On day 2 of hospitalization the patient’s respiratory rate increased from 22 to 46 and her oxygen saturation dropped while on oxygen administered by nasal cannula. She was transferred to an intensive care unit, where her respiratory status quickly deteriorated, necessitating emergency intubation. A new chest radiograph showed bilateral involvement, and she was begun on vancomycin, aztreonam, and azithromycin. Blood cultures drawn on her admission were negative, and an expectorated sputum sample taken at the same time was not processed due to poor specimen quality. A PCR test performed on a nasopharyngeal swab was positive for a viral agent, revealing the etiology of her infection (Fig. 10.1).

1 1. What is the agent causing her infection? What are the key virulence factors of this agent?

2 2. How does this virus change over time? What made this virus unique in 2009?

3 3. Why was PCR used to diagnose this infection? What do the curves in Fig. 10.1 represent?

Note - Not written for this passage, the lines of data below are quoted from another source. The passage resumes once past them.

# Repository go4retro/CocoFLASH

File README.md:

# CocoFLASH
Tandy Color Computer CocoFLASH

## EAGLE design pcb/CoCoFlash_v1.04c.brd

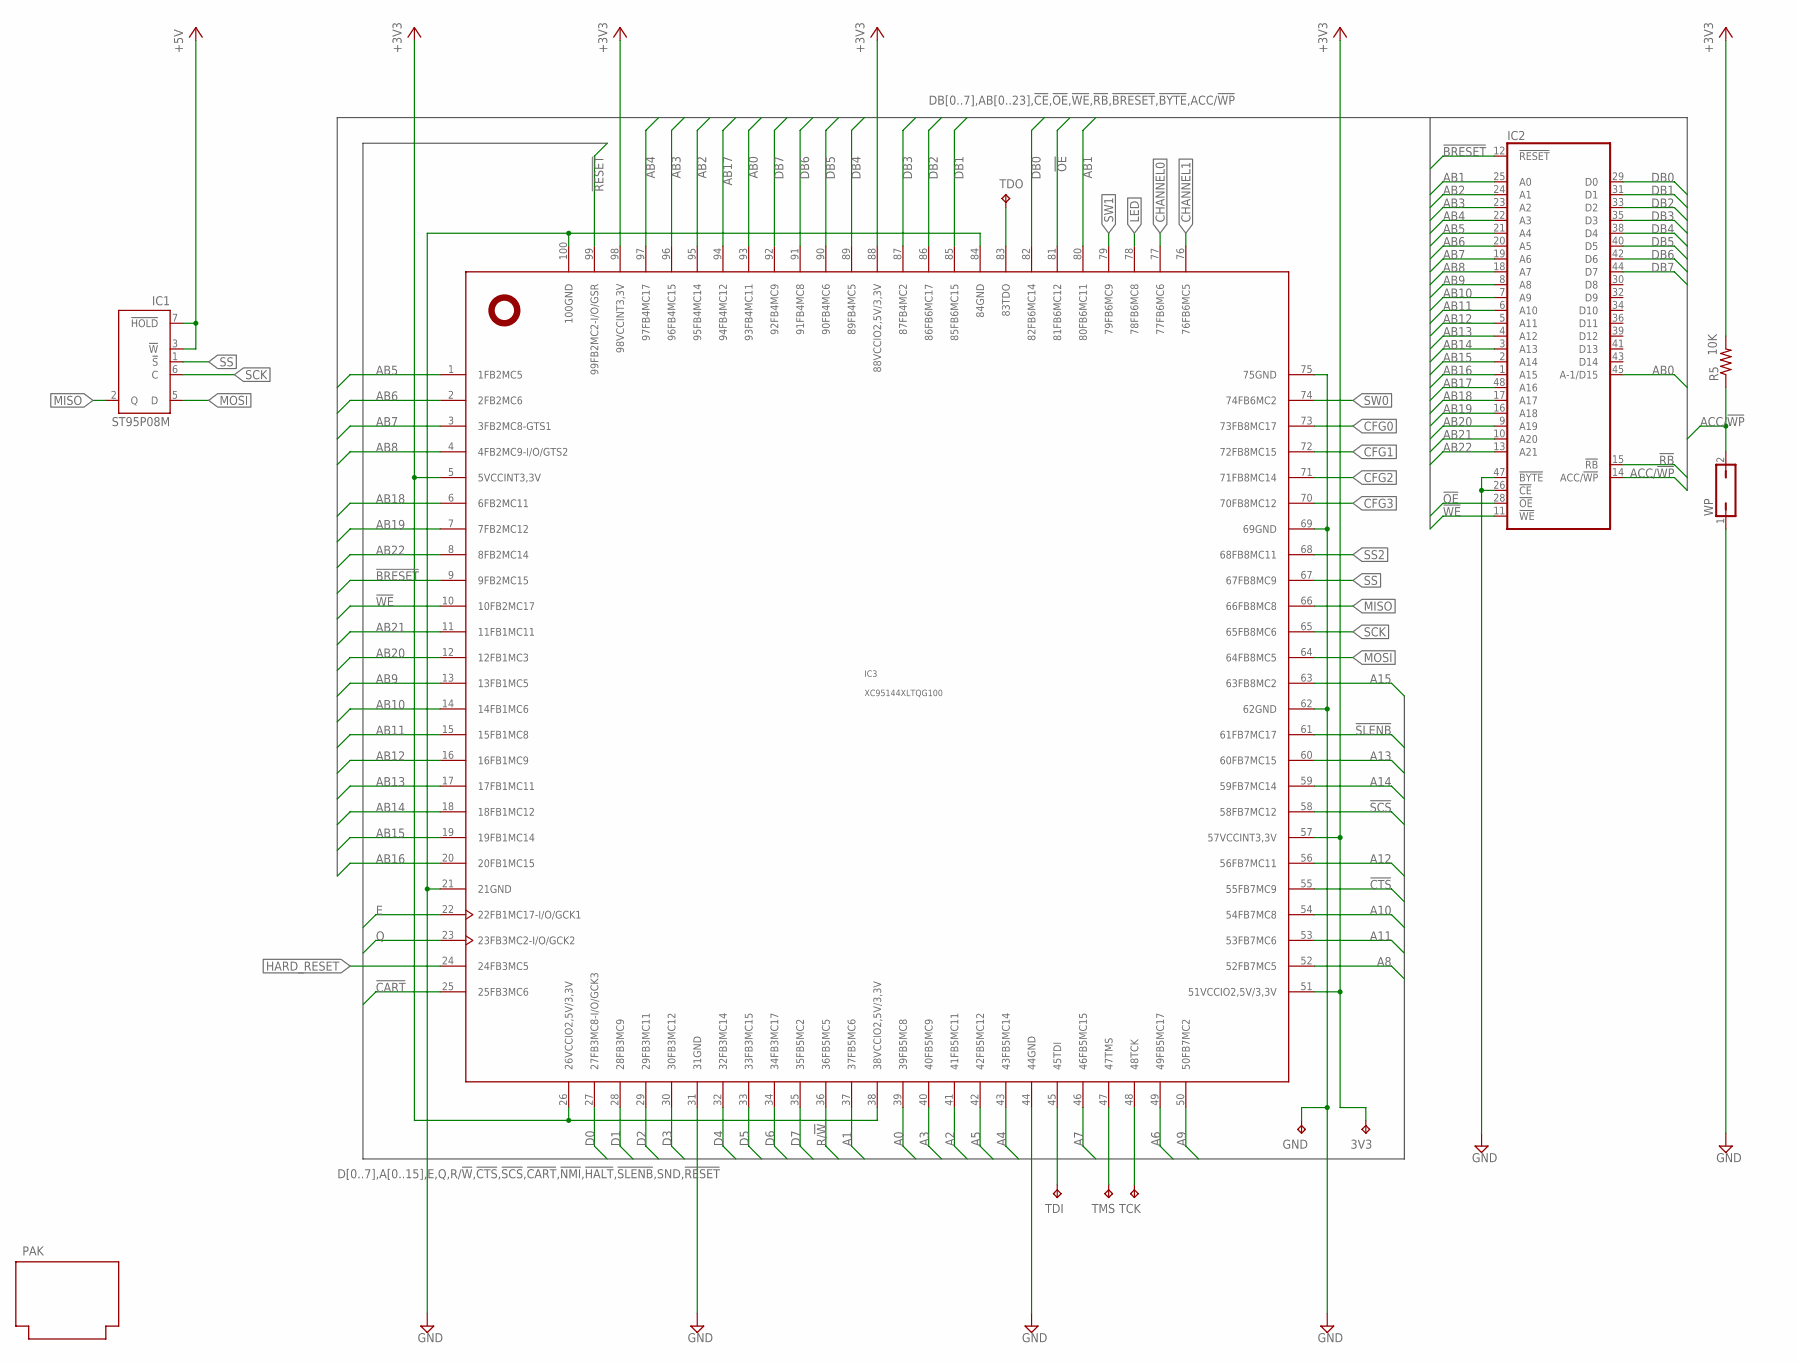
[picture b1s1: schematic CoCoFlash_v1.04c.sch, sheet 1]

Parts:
3V3: TPTP08R; TP08R
GND: TPTP08R; TP08R
IC1: ST95P08M; SO08
IC2: MX29LV640; TSOP48
IC3: XC95144XLTQG100; TQFP100
PAK: PROGRAM_PAK
R5: 10K; R0402
TCK: TPTP08R; TP08R
TDI: TPTP08R; TP08R
TDO: TPTP08R; TP08R
TMS: TPTP08R; TP08R
WP: JP1Q; JP1

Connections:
!BRESET: IC2.12 (!RESET), IC3.9 (9FB2MC15)
!CART: IC3.25 (25FB3MC6); also elsewhere on the board
!CTS: IC3.55 (55FB7MC9); also elsewhere on the board
!OE: IC2.28 (!OE), IC3.81 (81FB6MC12)
!RB: IC2.15 (!RB)
!RESET: IC3.99 (99FB2MC2-I/O/GSR); also elsewhere on the board
!SCS: IC3.58 (58FB7MC12); also elsewhere on the board
!SLENB: IC3.61 (61FB7MC17); also elsewhere on the board
!WE: IC2.11 (!WE), IC3.10 (10FB2MC17)
+3V3: 3V3.TP, IC3.5 (5VCCINT3,3V), IC3.26 (26VCCIO2,5V/3,3V), IC3.38 (38VCCIO2,5V/3,3V), IC3.51 (51VCCIO2,5V/3,3V), IC3.57 (57VCCINT3,3V), IC3.88 (88VCCIO2,5V/3,3V), IC3.98 (98VCCINT3,3V), R5.2; also elsewhere on the board
+5V: IC1.3 (!W), IC1.7 (!HOLD); also elsewhere on the board
A0: IC3.39 (39FB5MC8); also elsewhere on the board
A1: IC3.37 (37FB5MC6); also elsewhere on the board
A2: IC3.41 (41FB5MC11); also elsewhere on the board
A3: IC3.40 (40FB5MC9); also elsewhere on the board
A4: IC3.43 (43FB5MC14); also elsewhere on the board
A5: IC3.42 (42FB5MC12); also elsewhere on the board
A6: IC3.49 (49FB5MC17); also elsewhere on the board
A7: IC3.46 (46FB5MC15); also elsewhere on the board
A8: IC3.52 (52FB7MC5); also elsewhere on the board
A9: IC3.50 (50FB7MC2); also elsewhere on the board
A10: IC3.54 (54FB7MC8); also elsewhere on the board
A11: IC3.53 (53FB7MC6); also elsewhere on the board
A12: IC3.56 (56FB7MC11); also elsewhere on the board
A13: IC3.60 (60FB7MC15); also elsewhere on the board
A14: IC3.59 (59FB7MC14); also elsewhere on the board
A15: IC3.63 (63FB8MC2); also elsewhere on the board
AB0: IC2.45 (A-1/D15), IC3.93 (93FB4MC11)
AB1: IC2.25 (A0), IC3.80 (80FB6MC11)
AB2: IC2.24 (A1), IC3.95 (95FB4MC14)
AB3: IC2.23 (A2), IC3.96 (96FB4MC15)
AB4: IC2.22 (A3), IC3.97 (97FB4MC17)
AB5: IC2.21 (A4), IC3.1 (1FB2MC5)
AB6: IC2.20 (A5), IC3.2 (2FB2MC6)
AB7: IC2.19 (A6), IC3.3 (3FB2MC8-GTS1)
AB8: IC2.18 (A7), IC3.4 (4FB2MC9-I/O/GTS2)
AB9: IC2.8 (A8), IC3.13 (13FB1MC5)
AB10: IC2.7 (A9), IC3.14 (14FB1MC6)
AB11: IC2.6 (A10), IC3.15 (15FB1MC8)
AB12: IC2.5 (A11), IC3.16 (16FB1MC9)
AB13: IC2.4 (A12), IC3.17 (17FB1MC11)
AB14: IC2.3 (A13), IC3.18 (18FB1MC12)
AB15: IC2.2 (A14), IC3.19 (19FB1MC14)
AB16: IC2.1 (A15), IC3.20 (20FB1MC15)
AB17: IC2.48 (A16), IC3.94 (94FB4MC12)
AB18: IC2.17 (A17), IC3.6 (6FB2MC11)
AB19: IC2.16 (A18), IC3.7 (7FB2MC12)
AB20: IC2.9 (A19), IC3.12 (12FB1MC3)
AB21: IC2.10 (A20), IC3.11 (11FB1MC11)
AB22: IC2.13 (A21), IC3.8 (8FB2MC14)
ACC/!WP: IC2.14 (ACC/!WP), R5.1, WP.2
CFG0: IC3.73 (73FB8MC17); also elsewhere on the board
CFG1: IC3.72 (72FB8MC15); also elsewhere on the board
CFG2: IC3.71 (71FB8MC14); also elsewhere on the board
CFG3: IC3.70 (70FB8MC12); also elsewhere on the board
CHANNEL0: IC3.77 (77FB6MC6); also elsewhere on the board
CHANNEL1: IC3.76 (76FB6MC5); also elsewhere on the board
D0: IC3.27 (27FB3MC8-I/O/GCK3); also elsewhere on the board
D1: IC3.28 (28FB3MC9); also elsewhere on the board
D2: IC3.29 (29FB3MC11); also elsewhere on the board
D3: IC3.30 (30FB3MC12); also elsewhere on the board
D4: IC3.32 (32FB3MC14); also elsewhere on the board
D5: IC3.33 (33FB3MC15); also elsewhere on the board
D6: IC3.34 (34FB3MC17); also elsewhere on the board
D7: IC3.35 (35FB5MC2); also elsewhere on the board
DB0: IC2.29 (D0), IC3.82 (82FB6MC14)
DB1: IC2.31 (D1), IC3.85 (85FB6MC15)
DB2: IC2.33 (D2), IC3.86 (86FB6MC17)
DB3: IC2.35 (D3), IC3.87 (87FB4MC2)
DB4: IC2.38 (D4), IC3.89 (89FB4MC5)
DB5: IC2.40 (D5), IC3.90 (90FB4MC6)
DB6: IC2.42 (D6), IC3.91 (91FB4MC8)
DB7: IC2.44 (D7), IC3.92 (92FB4MC9)
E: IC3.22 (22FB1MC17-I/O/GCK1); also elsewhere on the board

4 4. What is the usual outcome of this infection in this patient population? What groups of people are at greater risk of a poor outcome when they are infected with this virus? How did these groups differ in 2009?

5 5. What are the common complications associated with this infection that lead to increased morbidity and mortality? How are these complications diagnosed?

6 6. What antiviral drugs are available to treat this infection, and how do they work? Is there any concern for antiviral resistance?

7 7. Two types of licensed vaccines are available that can prevent this disease. Describe the nature of both of these vaccines and how they are used.


Figure 10.1 Amplification curves of a real-time PCR test.